Me cayeron en mi oficina, explicó su tío. Eran varios. El jefe del grupo y el abogado y unos matones: tres matones metieron a mi oficina. Ya era tarde. Casi de noche llegaron, cuando no había gente. Solo yo y mi secretaria: ella les abrió la puerta, cuando tocaron salió ella a ver quién era. La amarraron a una silla, fueron duros con ella. A mí me encañonaron en mi oficina y ahí me tuvieron sentado. Un buen rato. Un rato infinito, Ubaldo, así fue el rato que me tuvieron encañonado: infinito. El jefe tenía una peluca que le cubría la cabeza y unos lentes oscuros puestos todo el tiempo. Exigiendo que les firmara unas cuentas. Pagarés también. Y unas acciones de la empresa. Para eso el abogado: el abogado lo puso todo en orden, el abogado sabía qué pedir y cómo buscar. El jefe solo fumaba, con los lentes oscuros y la peluca y fumando de lo más tranquilo. Sin prisa, Ubaldo. Botando la ceniza en el suelo de la oficina. Al final, cuando parecía que se iban, dice el jefe: Y el terrenito también, sabemos que en la costa tiene un terrenito. Ese nos lo va pasando, ya luego le hablamos para que nos firme la escritura.

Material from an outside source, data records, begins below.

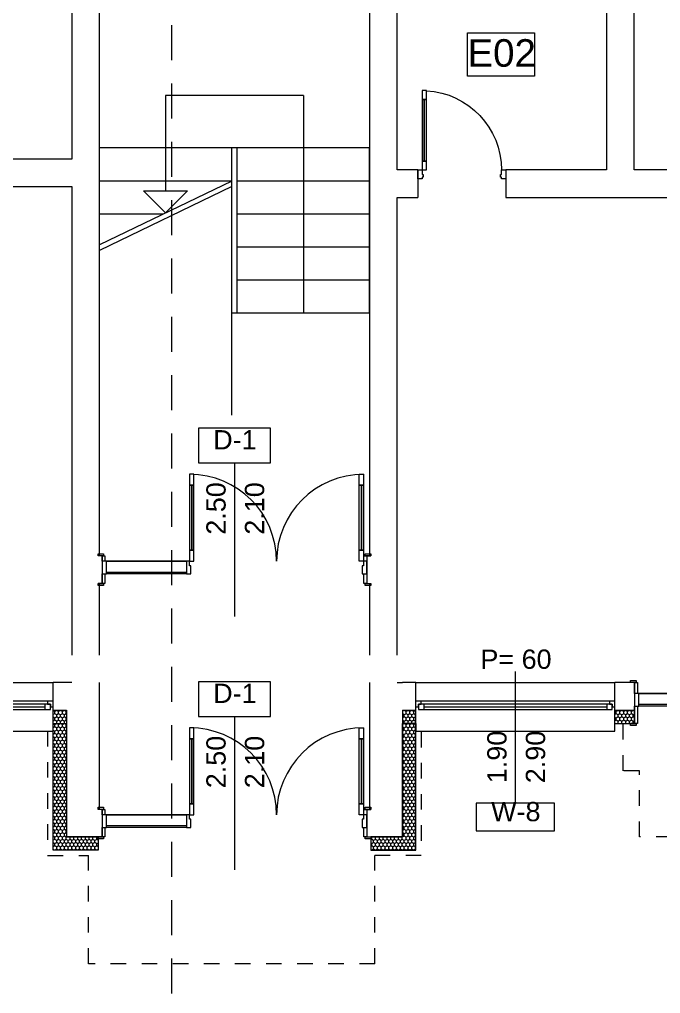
# Model space of a CAD drawing. Header units: feet. Extents: x 2791058 to 2855058, y -67651 to -26651.
# Drawn here: x 2827241 to 2833057, y -58244 to -49407 of the extents above; entities that cross this region are included whole.
import ezdxf
from ezdxf.enums import TextEntityAlignment as Align

# ---------------------------------------------------------------- set-up
doc = ezdxf.new("R2010")
doc.units = ezdxf.units.FT
doc.header["$MEASUREMENT"] = 0
doc.linetypes.add('Dashed', pattern=[282.222223, 141.111112, -141.111112])
doc.linetypes.add('Long Dashed', pattern=[529.166651, 317.499995, -211.666656])
doc.layers.add('0_muret e jashtme', color=7, linetype='Continuous')
doc.layers.add('Shell - Roof', color=7, linetype='Continuous')
for name, color, linetype, lineweight in [('0_muret e jashtme_Pen_No__1', 7, 'Continuous', 0), ('ARCHICAD Door Markers_Pen_No__60', 230, 'Continuous', 0), ('ARCHICAD Doors_Pen_No__1', 7, 'Continuous', 0), ('ARCHICAD Doors_Pen_No__60', 230, 'Continuous', 0), ('ARCHICAD Window Markers_Pen_No__20', 1, 'Continuous', 0), ('ARCHICAD Windows_Pen_No__20', 1, 'Continuous', 0), ('Shell - Roof_Pen_No__1', 7, 'Continuous', 0), ('Shell - Roof_Pen_No__20', 1, 'Continuous', 0), ('Shell - Roof_Pen_No__21', 7, 'Continuous', 0), ('Text blocks_Pen_No__2', 8, 'Continuous', 0)]:
    doc.layers.add(name, color=color, linetype=linetype, lineweight=lineweight)
doc.layers.add('0_muret e jashtme_Pen_No__14', color=7, linetype='Continuous', lineweight=0, true_color=0xbd8b17)
doc.layers.add('Shell - Roof_Pen_No__102', color=7, linetype='Continuous', lineweight=0, true_color=0xcccccc)
doc.styles.add('GENERATED_STYLE_1', font='arial.ttf')
pattern_1 = [(90, (2247653.822, -76674.967), (-34.6410162, 0), [20, -40]), (90, (2247636.502, -76644.967), (-34.6410162, 0), [20, -40]), (150, (2247653.822, -76654.967), (17.320508, 30), [20, -40]), (150, (2247619.18, -76654.967), (17.320508, 30), [20, -40]), (210, (2247653.822, -76674.967), (-17.320508, 30), [20, -40]), (210, (2247619.18, -76674.967), (-17.320508, 30), [20, -40])]

# ---------------------------------------------------------------- blocks, each defined once
blk = doc.blocks.new('Storefront 22_5')
at = {"layer": 'ARCHICAD Doors_Pen_No__1', "color": 7, "linetype": 'Continuous', "lineweight": 0}
for p, q in [((320, 640), (320, 720)), ((320, 720), (360, 720)), ((360, 720), (360, 640)), ((320, 640), (340, 640)), ((320, 80), (320, 640)), ((360, 640), (320, 640)), ((340, 640), (360, 640)), ((340, 80), (340, 640)), ((340, 640), (340, 80)), ((340, 640), (340, 80)), ((360, 640), (360, 80)), ((-400, 0), (-400, -80)), ((-360, 0), (-400, 0)), ((-400, 0), (-400, -80)), ((-400, 0), (-400, -80)), ((-360, -40), (-360, 0)), ((340, 80), (320, 80)), ((320, 0), (320, 80)), ((320, 80), (360, 80)), ((360, 0), (320, 0)), ((360, 80), (340, 80)), ((360, 80), (360, 0)), ((360, 0), (360, -40)), ((400, 0), (360, 0)), ((400, -80), (400, 0)), ((400, 0), (400, -80)), ((400, 0), (400, -80)), ((-400, -80), (-360, -80)), ((-400, -80), (-400, -250)), ((-350, -40), (-360, -40)), ((-360, -80), (-360, -65.4)), ((-360, -65.4), (-350, -65.4)), ((-350, -65.4), (-350, -40)), ((360, -40), (350, -40)), ((350, -40), (350, -65.4)), ((350, -65.4), (360, -65.4)), ((360, -65.4), (360, -80)), ((360, -80), (400, -80)), ((400, -80), (400, -250))]:
    blk.add_line(p, q, dxfattribs=at)
blk.add_arc((360, 0), 720, 93.18474, 180, dxfattribs=at)
blk = doc.blocks.new('Wall_10', base_point=(2830416.5, -50772.7))
at = {"layer": '0_muret e jashtme_Pen_No__1', "color": 7, "linetype": 'Continuous', "lineweight": 0}
for p, q in [((2830854, -50772.7), (2830854, -50852.7)), ((2831654, -50772.7), (2831654, -50852.7)), ((2830854, -50852.7), (2830854, -51022.7)), ((2831654, -50852.7), (2831654, -51022.7))]:
    blk.add_line(p, q, dxfattribs=at)
at = {"layer": '0_muret e jashtme_Pen_No__1', "color": 7, "linetype": 'Continuous', "lineweight": 0, "flags": 128}
for points in [[(2830854, -50772.7), (2830666.5, -50772.7)], [(2832566.5, -50772.7), (2831654, -50772.7)], [(2836666.5, -50772.7), (2832816.5, -50772.7)], [(2830666.5, -51022.7), (2830854, -51022.7)], [(2831654, -51022.7), (2836666.5, -51022.7)]]:
    blk.add_lwpolyline(points, dxfattribs=at)
at = {"layer": 'ARCHICAD Doors_Pen_No__1', "color": 7, "linetype": 'Continuous', "lineweight": 0, "xscale": -1, "zscale": 1000}
blk.add_blockref('Storefront 22_5', (2831254, -50772.7), dxfattribs=at)
blk = doc.blocks.new('Storefront 22_6')
at = {"layer": 'ARCHICAD Doors_Pen_No__1', "color": 7, "linetype": 'Continuous', "lineweight": 0}
for p, q in [((270, 540), (270, 620)), ((270, 620), (310, 620)), ((310, 620), (310, 540)), ((270, 540), (290, 540)), ((270, 80), (270, 540)), ((310, 540), (270, 540)), ((290, 540), (310, 540)), ((290, 80), (290, 540)), ((290, 540), (290, 80)), ((290, 540), (290, 80)), ((310, 540), (310, 80)), ((-350, 0), (-350, -80)), ((-310, 0), (-350, 0)), ((-350, 0), (-350, -80)), ((-350, 0), (-350, -80)), ((-310, -40), (-310, 0)), ((290, 80), (270, 80)), ((270, 0), (270, 80)), ((270, 80), (310, 80)), ((310, 0), (270, 0)), ((310, 80), (290, 80)), ((310, 80), (310, 0)), ((310, 0), (310, -40)), ((350, 0), (310, 0)), ((350, -80), (350, 0)), ((350, 0), (350, -80)), ((350, 0), (350, -80)), ((-350, -80), (-310, -80)), ((-350, -80), (-350, -250)), ((-300, -40), (-310, -40)), ((-310, -80), (-310, -65.4)), ((-310, -65.4), (-300, -65.4)), ((-300, -65.4), (-300, -40)), ((310, -40), (300, -40)), ((300, -40), (300, -65.4)), ((300, -65.4), (310, -65.4)), ((310, -65.4), (310, -80)), ((310, -80), (350, -80)), ((350, -80), (350, -250))]:
    blk.add_line(p, q, dxfattribs=at)
blk.add_arc((310, 0), 620, 93.69907, 180, dxfattribs=at)
blk = doc.blocks.new('Wall_12', base_point=(2827966.5, -50673.1))
at = {"layer": '0_muret e jashtme_Pen_No__1', "color": 7, "linetype": 'Continuous', "lineweight": 0}
for p, q in [((2825729.8, -50673.1), (2825729.8, -50753.1)), ((2826429.8, -50673.1), (2826429.8, -50753.1)), ((2825729.8, -50753.1), (2825729.8, -50923.1)), ((2826429.8, -50753.1), (2826429.8, -50923.1))]:
    blk.add_line(p, q, dxfattribs=at)
at = {"layer": '0_muret e jashtme_Pen_No__1', "color": 7, "linetype": 'Continuous', "lineweight": 0, "flags": 128}
for points in [[(2825416.5, -50673.1), (2821666.5, -50673.1)], [(2825729.8, -50673.1), (2825666.5, -50673.1)], [(2827716.5, -50673.1), (2826429.8, -50673.1)], [(2821666.5, -50923.1), (2825729.8, -50923.1)], [(2826429.8, -50923.1), (2827716.5, -50923.1)]]:
    blk.add_lwpolyline(points, dxfattribs=at)
at = {"layer": 'ARCHICAD Doors_Pen_No__1', "color": 7, "linetype": 'Continuous', "lineweight": 0, "xscale": -1, "zscale": 1000}
blk.add_blockref('Storefront 22_6', (2826079.8, -50673.1), dxfattribs=at)
blk = doc.blocks.new('Wall_13', base_point=(2830416.5, -55172.7))
at = {"layer": '0_muret e jashtme_Pen_No__1', "color": 7, "linetype": 'Continuous', "lineweight": 0}
blk.add_line((2830716.5, -55422.7), (2830716.5, -55542.7), dxfattribs=at)
at = {"layer": '0_muret e jashtme_Pen_No__1', "color": 7, "linetype": 'Continuous', "lineweight": 0, "flags": 128}
for points in [[(2830416.5, -55172.7), (2830416.5, -56322.7)], [(2830666.5, -55172.7), (2830716.5, -55172.7)], [(2830716.5, -56322.7), (2830716.5, -55542.7)]]:
    blk.add_lwpolyline(points, dxfattribs=at)
blk = doc.blocks.new('Wall_14', base_point=(2827966.5, -55172.7))
at = {"layer": '0_muret e jashtme_Pen_No__1', "color": 7, "linetype": 'Continuous', "lineweight": 0}
blk.add_line((2827666.5, -55422.7), (2827666.5, -55542.7), dxfattribs=at)
at = {"layer": '0_muret e jashtme_Pen_No__1', "color": 7, "linetype": 'Continuous', "lineweight": 0, "flags": 128}
for points in [[(2827716.5, -55172.7), (2827666.5, -55172.7)], [(2827966.5, -56322.7), (2827966.5, -55172.7)], [(2827666.5, -55542.7), (2827666.5, -56572.7)], [(2827666.5, -56572.7), (2827966.5, -56572.7)]]:
    blk.add_lwpolyline(points, dxfattribs=at)
blk = doc.blocks.new('Double Door with Sidelight 22')
at = {"layer": 'ARCHICAD Doors_Pen_No__60', "color": 230, "linetype": 'Continuous', "lineweight": 0}
for p, q in [((-407.9, 790), (-407.9, 690)), ((-367.9, 790), (-407.9, 790)), ((-367.9, 690), (-367.9, 790)), ((1132, 690), (1132, 790)), ((1132, 790), (1172, 790)), ((1172, 790), (1172, 690)), ((-407.9, 690), (-407.9, 100)), ((-387.9, 690), (-407.9, 690)), ((-407.9, 690), (-367.9, 690)), ((-387.9, 100), (-387.9, 690)), ((-387.9, 690), (-387.9, 100)), ((-367.9, 690), (-387.9, 690)), ((-387.9, 690), (-387.9, 100)), ((-367.9, 100), (-367.9, 690)), ((1132, 690), (1152, 690)), ((1132, 100), (1132, 690)), ((1172, 690), (1132, 690)), ((1152, 690), (1172, 690)), ((1152, 100), (1152, 690)), ((1152, 690), (1152, 100)), ((1152, 690), (1152, 100)), ((1172, 690), (1172, 100)), ((-407.9, 100), (-387.9, 100)), ((-367.9, 100), (-407.9, 100)), ((-407.9, 100), (-407.9, 0)), ((-387.9, 100), (-367.9, 100)), ((-367.9, 0), (-367.9, 100)), ((1152, 100), (1132, 100)), ((1132, 0), (1132, 100)), ((1132, 100), (1172, 100)), ((1172, 100), (1152, 100)), ((1172, 100), (1172, 0)), ((-1237, 50), (-1237, 69)), ((-1237, 69), (-1187, 69)), ((-1187, 50), (-1237, 50)), ((-1200, 50), (-1237, 50)), ((-1200, 50), (-1237, 50)), ((-1200, 0), (-1200, 50)), ((-1200, 50), (-1175, 50)), ((-1200, 50), (-1200, 0)), ((-1200, 50), (-1200, 0)), ((-1200, 50), (-1200, 0)), ((-1175, 0), (-1200, 0)), ((-1160, 0), (-1200, 0)), ((-1200, 0), (-1200, -115)), ((-1200, 0), (-1200, -115)), ((-1200, 0), (-1200, -115)), ((-1187, 69), (-1187, 50)), ((-1175, 50), (-1175, 0)), ((-1160, 0), (-435.9, 0)), ((-1160, -115), (-1160, 0)), ((-1160, -115), (-1160, 0)), ((-435.9, 0), (-1160, 0)), ((-435.9, 0), (-435.9, -115)), ((-407.9, 0), (-435.9, 0)), ((-435.9, 0), (-435.9, -115)), ((-407.9, -40), (-407.9, 0)), ((-407.9, 0), (-367.9, 0)), ((1172, 0), (1132, 0)), ((1200, 0), (1172, 0)), ((1172, 0), (1172, -40)), ((1175, 0), (1175, 50)), ((1175, 50), (1200, 50)), ((1200, 0), (1175, 0)), ((1187, 69), (1237, 69)), ((1187, 50), (1187, 69)), ((1237, 50), (1187, 50)), ((1200, 50), (1200, 0)), ((1200, 50), (1200, 0)), ((1200, 50), (1200, 0)), ((1200, 50), (1200, 0)), ((1200, 50), (1237, 50)), ((1200, 50), (1237, 50)), ((1200, -115), (1200, 0)), ((1200, 0), (1200, -115)), ((1200, 0), (1200, -115)), ((1237, 69), (1237, 50)), ((-395.9, -40), (-407.9, -40)), ((-395.9, -115), (-395.9, -40)), ((1172, -40), (1160, -40)), ((1160, -40), (1160, -115)), ((-1200, -200), (-1200, -115)), ((-1200, -115), (-1175, -115)), ((-1200, -115), (-1160, -115)), ((-1200, -115), (-1200, -200)), ((-1200, -115), (-1200, -200)), ((-1175, -115), (-1175, -200)), ((-1160, -97), (-435.9, -97)), ((-435.9, -115), (-1160, -115)), ((-435.9, -115), (-395.9, -115)), ((1160, -115), (1200, -115)), ((1175, -200), (1175, -115)), ((1175, -115), (1200, -115)), ((1200, -115), (1200, -200)), ((1200, -115), (1200, -200)), ((1200, -115), (1200, -200)), ((-1237, -219), (-1237, -200)), ((-1237, -200), (-1187, -200)), ((-1200, -200), (-1237, -200)), ((-1200, -200), (-1237, -200)), ((-1187, -219), (-1237, -219)), ((-1175, -200), (-1200, -200)), ((-1187, -200), (-1187, -219)), ((1200, -200), (1175, -200)), ((1187, -200), (1237, -200)), ((1187, -219), (1187, -200)), ((1237, -219), (1187, -219)), ((1200, -200), (1237, -200)), ((1200, -200), (1237, -200)), ((1237, -200), (1237, -219))]:
    blk.add_line(p, q, dxfattribs=at)
for centre, start, end in [((-407.9, 0), 0, 90), ((1172, 0), 90, 180)]:
    blk.add_arc(centre, 790, start, end, dxfattribs=at)
blk = doc.blocks.new('D Marker 22_2')
at = {"layer": 'ARCHICAD Door Markers_Pen_No__60', "color": 230, "linetype": 'Continuous', "lineweight": 0}
for p, q in [((0, -1092.9), (0, 300)), ((-327.2, -1092.9), (-327.2, -1407.1)), ((327.2, -1092.9), (-327.2, -1092.9)), ((327.2, -1407.1), (327.2, -1092.9)), ((-327.2, -1407.1), (327.2, -1407.1))]:
    blk.add_line(p, q, dxfattribs=at)
at = {"layer": 'ARCHICAD Door Markers_Pen_No__60', "color": 230, "lineweight": 0, "style": 'GENERATED_STYLE_1'}
for tag, rotation, p in [('AC_MarkerText_3', 270, (-322.5, -327.3)), ('AC_MarkerText_2', 270, (27.5, -327.3)), ('AC_MarkerText_1', 180, (192.8, -1042.5))]:
    blk.add_attdef(tag, text='', height=175, rotation=rotation, dxfattribs=at).set_placement(p, align=Align.BOTTOM_LEFT)
blk = doc.blocks.new('Wall_16', base_point=(2830716.5, -56322.7))
at = {"layer": '0_muret e jashtme_Pen_No__1', "color": 7, "linetype": 'Continuous', "lineweight": 0}
for p, q in [((2827991.5, -56322.7), (2827954.5, -56322.7)), ((2827991.5, -56322.7), (2827991.5, -56372.7)), ((2827991.5, -56322.7), (2827991.5, -56372.7)), ((2827991.5, -56372.7), (2827991.5, -56487.7)), ((2830391.5, -56322.7), (2830428.5, -56322.7)), ((2830391.5, -56322.7), (2830391.5, -56372.7)), ((2830391.5, -56322.7), (2830391.5, -56372.7)), ((2830391.5, -56372.7), (2830391.5, -56487.7)), ((2827991.5, -56487.7), (2827991.5, -56572.7)), ((2830391.5, -56487.7), (2830391.5, -56572.7)), ((2827991.5, -56572.7), (2827954.5, -56572.7)), ((2830391.5, -56572.7), (2830428.5, -56572.7))]:
    blk.add_line(p, q, dxfattribs=at)
at = {"layer": '0_muret e jashtme_Pen_No__1', "color": 7, "linetype": 'Continuous', "lineweight": 0, "flags": 128}
for points in [[(2827991.5, -56322.7), (2827966.5, -56322.7)], [(2830416.5, -56322.7), (2830391.5, -56322.7)], [(2830716.5, -56572.7), (2830716.5, -56322.7)], [(2827966.5, -56572.7), (2827991.5, -56572.7)], [(2830391.5, -56572.7), (2830416.5, -56572.7)]]:
    blk.add_lwpolyline(points, dxfattribs=at)
at = {"layer": 'ARCHICAD Door Markers_Pen_No__60', "color": 230, "lineweight": 0}
ref = blk.add_blockref('D Marker 22_2', (2829191.5, -56572.7), dxfattribs=dict(at, rotation=180))
ref.add_attrib('AC_MarkerText_1', 'D-1', dxfattribs={"color": 230, "lineweight": 0, "height": 175, "rotation": 360, "style": 'GENERATED_STYLE_1'}).set_placement((2828998.7, -55410.2), align=Align.BOTTOM_LEFT)
ref.add_attrib('AC_MarkerText_2', '2.50', dxfattribs={"color": 230, "lineweight": 0, "height": 175, "rotation": 90, "style": 'GENERATED_STYLE_1'}).set_placement((2829164, -56131.2), align=Align.BOTTOM_LEFT)
ref.add_attrib('AC_MarkerText_3', '2.10', dxfattribs={"color": 230, "lineweight": 0, "height": 175, "rotation": 90, "style": 'GENERATED_STYLE_1'}).set_placement((2829514, -56131.2), align=Align.BOTTOM_LEFT)
at = {"layer": 'ARCHICAD Doors_Pen_No__60', "color": 230, "linetype": 'Continuous', "lineweight": 0, "zscale": 1000}
blk.add_blockref('Double Door with Sidelight 22', (2829191.5, -56372.7), dxfattribs=at)
blk = doc.blocks.new('D Marker 22')
at = {"layer": 'ARCHICAD Door Markers_Pen_No__60', "color": 230, "linetype": 'Continuous', "lineweight": 0}
for p, q in [((327.2, 1157.1), (-327.2, 1157.1)), ((-327.2, 1157.1), (-327.2, 842.9)), ((327.2, 842.9), (327.2, 1157.1)), ((-327.2, 842.9), (327.2, 842.9)), ((0, 842.9), (0, -550))]:
    blk.add_line(p, q, dxfattribs=at)
at = {"layer": 'ARCHICAD Door Markers_Pen_No__60', "color": 230, "lineweight": 0, "style": 'GENERATED_STYLE_1'}
for tag, p in [('AC_MarkerText_2', (-27.5, 191.5)), ('AC_MarkerText_3', (322.5, 191.5))]:
    blk.add_attdef(tag, text='', height=175, rotation=90, dxfattribs=at).set_placement(p, align=Align.BOTTOM_LEFT)
blk.add_attdef('AC_MarkerText_1', text='', height=175, dxfattribs=at).set_placement((-192.8, 912.5), align=Align.BOTTOM_LEFT)
blk = doc.blocks.new('Wall_17', base_point=(2827966.5, -54522.7))
at = {"layer": '0_muret e jashtme_Pen_No__1', "color": 7, "linetype": 'Continuous', "lineweight": 0}
for p, q in [((2827991.5, -54272.7), (2827954.5, -54272.7)), ((2827991.5, -54272.7), (2827991.5, -54322.7)), ((2827991.5, -54272.7), (2827991.5, -54322.7)), ((2827991.5, -54322.7), (2827991.5, -54437.7)), ((2830391.5, -54272.7), (2830428.5, -54272.7)), ((2830391.5, -54272.7), (2830391.5, -54322.7)), ((2830391.5, -54272.7), (2830391.5, -54322.7)), ((2830391.5, -54322.7), (2830391.5, -54437.7)), ((2827991.5, -54437.7), (2827991.5, -54522.7)), ((2830391.5, -54437.7), (2830391.5, -54522.7)), ((2827991.5, -54522.7), (2827954.5, -54522.7)), ((2830391.5, -54522.7), (2830428.5, -54522.7))]:
    blk.add_line(p, q, dxfattribs=at)
at = {"layer": '0_muret e jashtme_Pen_No__1', "color": 7, "linetype": 'Continuous', "lineweight": 0, "flags": 128}
for points in [[(2827991.5, -54272.7), (2827966.5, -54272.7)], [(2830416.5, -54272.7), (2830391.5, -54272.7)], [(2827966.5, -54522.7), (2827991.5, -54522.7)], [(2830391.5, -54522.7), (2830416.5, -54522.7)]]:
    blk.add_lwpolyline(points, dxfattribs=at)
at = {"layer": 'ARCHICAD Door Markers_Pen_No__60', "color": 230, "lineweight": 0}
blk.add_blockref('D Marker 22', (2829191.5, -54272.7), dxfattribs=at).add_auto_attribs({'AC_MarkerText_1': 'D-1', 'AC_MarkerText_2': '2.50', 'AC_MarkerText_3': '2.10'})
at = {"layer": 'ARCHICAD Doors_Pen_No__60', "color": 230, "linetype": 'Continuous', "lineweight": 0, "zscale": 1000}
blk.add_blockref('Double Door with Sidelight 22', (2829191.5, -54322.7), dxfattribs=at)
blk = doc.blocks.new('Wall_18', base_point=(2827966.5, -55172.7))
at = {"layer": '0_muret e jashtme_Pen_No__1', "color": 7, "linetype": 'Continuous', "lineweight": 0, "flags": 128}
for points in [[(2827716.5, -48972.7), (2827716.5, -50673.1)], [(2827966.5, -54272.7), (2827966.5, -48972.7)], [(2827716.5, -50923.1), (2827716.5, -55172.7)], [(2827966.5, -55172.7), (2827966.5, -54522.7)]]:
    blk.add_lwpolyline(points, dxfattribs=at)
blk = doc.blocks.new('Wall_19', base_point=(2830416.5, -55172.7))
at = {"layer": '0_muret e jashtme_Pen_No__1', "color": 7, "linetype": 'Continuous', "lineweight": 0, "flags": 128}
for points in [[(2830416.5, -48972.7), (2830416.5, -54272.7)], [(2830666.5, -50772.7), (2830666.5, -48972.7)], [(2830666.5, -55172.7), (2830666.5, -51022.7)], [(2830416.5, -54522.7), (2830416.5, -55172.7)]]:
    blk.add_lwpolyline(points, dxfattribs=at)
blk = doc.blocks.new('Wall_20', base_point=(2832816.5, -48972.7))
at = {"layer": '0_muret e jashtme_Pen_No__1', "color": 7, "linetype": 'Continuous', "lineweight": 0, "flags": 128}
for points in [[(2832566.5, -48972.7), (2832566.5, -50772.7)], [(2832616.5, -48972.7), (2832566.5, -48972.7)], [(2832816.5, -50772.7), (2832816.5, -48972.7)]]:
    blk.add_lwpolyline(points, dxfattribs=at)
blk = doc.blocks.new('Line_1', base_point=(2828566.5, -50096.6))
at = {"layer": 'Shell - Roof_Pen_No__1', "color": 7, "linetype": 'Continuous', "lineweight": 0}
for p, q in [((2828566.5, -50096.6), (2828566.5, -50962.7)), ((2828566.5, -51162.7), (2828366.5, -50962.7)), ((2828366.5, -50962.7), (2828766.5, -50962.7)), ((2828566.5, -51162.7), (2828766.5, -50962.7))]:
    blk.add_line(p, q, dxfattribs=at)
blk = doc.blocks.new('Window 22_6')
at = {"layer": 'ARCHICAD Windows_Pen_No__20', "color": 1, "linetype": 'Continuous', "lineweight": 0}
for p, q in [((-903.4, 150), (-903.4, 220)), ((-903.4, 220), (903.4, 220)), ((903.4, 220), (903.4, 150)), ((-903.4, 150), (-903.4, 30)), ((903.4, 150), (903.4, 30)), ((-903.4, 30), (-903.4, 0)), ((-903.4, 0), (-878.4, 0)), ((-903.4, 0), (-903.4, -50)), ((-903.4, 0), (-903.4, -50)), ((-878.4, 25), (-828.4, 25)), ((-878.4, -25), (-878.4, 25)), ((-878.4, 0), (-878.4, -25)), ((-828.4, 25), (828.4, 25)), ((-828.4, 25), (-828.4, -25)), ((-828.4, 25), (828.4, 25)), ((-828.4, 0), (828.4, 0)), ((828.4, -25), (828.4, 25)), ((828.4, 25), (878.4, 25)), ((878.4, 25), (878.4, -25)), ((878.4, -25), (878.4, 0)), ((878.4, 0), (903.4, 0)), ((903.4, 30), (903.4, 0)), ((903.4, 0), (903.4, -50)), ((903.4, 0), (903.4, -50)), ((-853.4, -50), (-903.4, -50)), ((-903.4, -50), (-903.4, -220)), ((-878.4, -25), (-853.4, -25)), ((-828.4, -25), (-878.4, -25)), ((-853.4, -25), (-853.4, -50)), ((853.4, -50), (-853.4, -50)), ((828.4, -25), (-828.4, -25)), ((878.4, -25), (828.4, -25)), ((853.4, -50), (853.4, -25)), ((853.4, -25), (878.4, -25)), ((903.4, -50), (853.4, -50)), ((903.4, -50), (903.4, -220)), ((-903.4, -220), (903.4, -220))]:
    blk.add_line(p, q, dxfattribs=at)
blk = doc.blocks.new('W Marker 22_4')
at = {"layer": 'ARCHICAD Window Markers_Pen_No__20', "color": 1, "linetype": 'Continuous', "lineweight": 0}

Cuando se fueron era de noche. Me dio una gran tristeza mi secretaria: entumecida estaba, fría la pobre. La desamarré y ahí se quedo sentada, muy quietecita. No hablaba. Mari, le decía yo, ¿estás bien, Mari? Pero Mari no respondía. Hasta más tarde, cuando llamé a Juan, un amigo mío que fue coronel. Juan llegó y me pidió que no tocara nada y empezó a hablarle a Mari. Él la sacó del espanto. Hizo que se levantara, y entre los dos la ayudamos a caminar. Le puse mi abrigo y así comenzamos a dar vueltas, en la misma oficina dimos vueltas. Sobre las cenizas de cigarros dimos vueltas. Caminando. Desentumeciéndola. Ya luego la llevó Juan a su casa y me dijo lo que yo ya sabía: en esto ni metás a la policía. Esta es gente seria, yo te averiguo, dijo. Y ha averiguado, todavía tiene contactos en la institución. Juan me ha ayudado mucho y, efectivamente, es gente seria la que vino a visitarme.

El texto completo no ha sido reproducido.